Below are several entries. Transcribe exactly those lines that fall from the one with "(132.825538516, 0), (16.8044590106, 0), align=None)" through the one with "(0, 0), (16.8044590106, 0), align=None)", end lines included.
======== MATERIAL FOR THE TASK ========
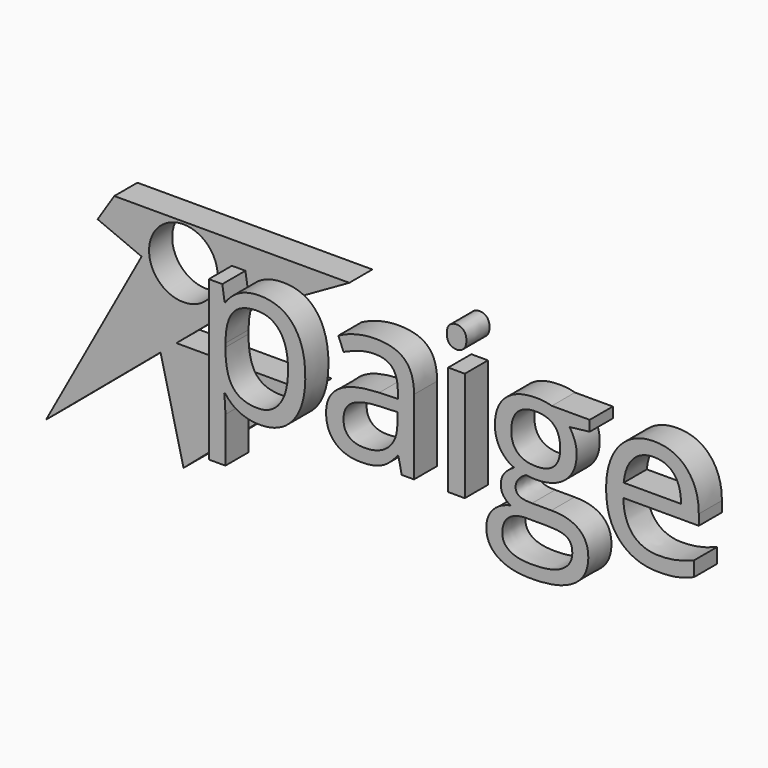
from build123d import *

# Parameters (mm, degrees)
F2_DEPTH     = 25.4
F3_R         = 30.1353781358
F4_DEPTH     = 25.4
F5_TEXT_SIZE = 179.9676981237
F6_DEPTH     = 25.4


# Not quite as in the source:
# - Text() gives the source's letters only with a copy of the font that has no kerning and outlines rounded to 1/6400 em; it was checked with that copy


with BuildPart() as f2:
    # F1 (on Front) → F2 (new body)
    with BuildSketch(Plane.XZ):
        Polygon((2.8730910226, -11.7382635953), (23.1293588877, -94.4970101118), (132.825538516, 0), (16.8044590106, 0), align=None)
        Polygon((-97.6718962193, -96.4552536607), (2.8730910226, -11.7382635953), (0, 0), (-13.7199352813, 57.0234765978), align=None)
        Polygon((0, 0), (2.8730910226, -11.7382635953), (16.8044590106, 0), align=None)
        Polygon((-13.7199352813, 57.0234765978), (0, 0), (51.782527114, 29.4717492071), align=None)
        Polygon((51.782527114, 29.4717492071), (0, 0), (16.8044590106, 0), align=None)
        Polygon((-13.7199352813, 57.0234765978), (51.782527114, 29.4717492071), (168.7524467707, 96.0445553064), (-37.7278625965, 96.0445553064), (-52.3873195052, 73.2877999544), align=None)
    extrude(amount=F2_DEPTH)

    # F3 (on face) → F4 (cut)
    with BuildSketch(Plane.XZ.offset(25.4)):
        with Locations((22.953376174, 63.8025254011)):
            Circle(F3_R)
    extrude(amount=-F4_DEPTH, mode=Mode.SUBTRACT)


with BuildPart() as f6:
    # F5 (on face) → F6 (new body)
    with BuildSketch(Plane.XZ.offset(25.4)):
        with Locations((50.1445308328, -20.6293910742)):
            Text('paige', F5_TEXT_SIZE, font='Open Sans', text_align=(TextAlign.LEFT, TextAlign.BOTTOM))
    extrude(amount=F6_DEPTH)


solid = Compound([f2.part, f6.part])
========
• SOLUTION FOR THIS TASK:
        Polygon((2.8730910226, -11.7382635953), (23.1293588877, -94.4970101118), (132.825538516, 0), (16.8044590106, 0), align=None)
        Polygon((-97.6718962193, -96.4552536607), (2.8730910226, -11.7382635953), (0, 0), (-13.7199352813, 57.0234765978), align=None)
        Polygon((0, 0), (2.8730910226, -11.7382635953), (16.8044590106, 0), align=None)
        Polygon((-13.7199352813, 57.0234765978), (0, 0), (51.782527114, 29.4717492071), align=None)
        Polygon((51.782527114, 29.4717492071), (0, 0), (16.8044590106, 0), align=None)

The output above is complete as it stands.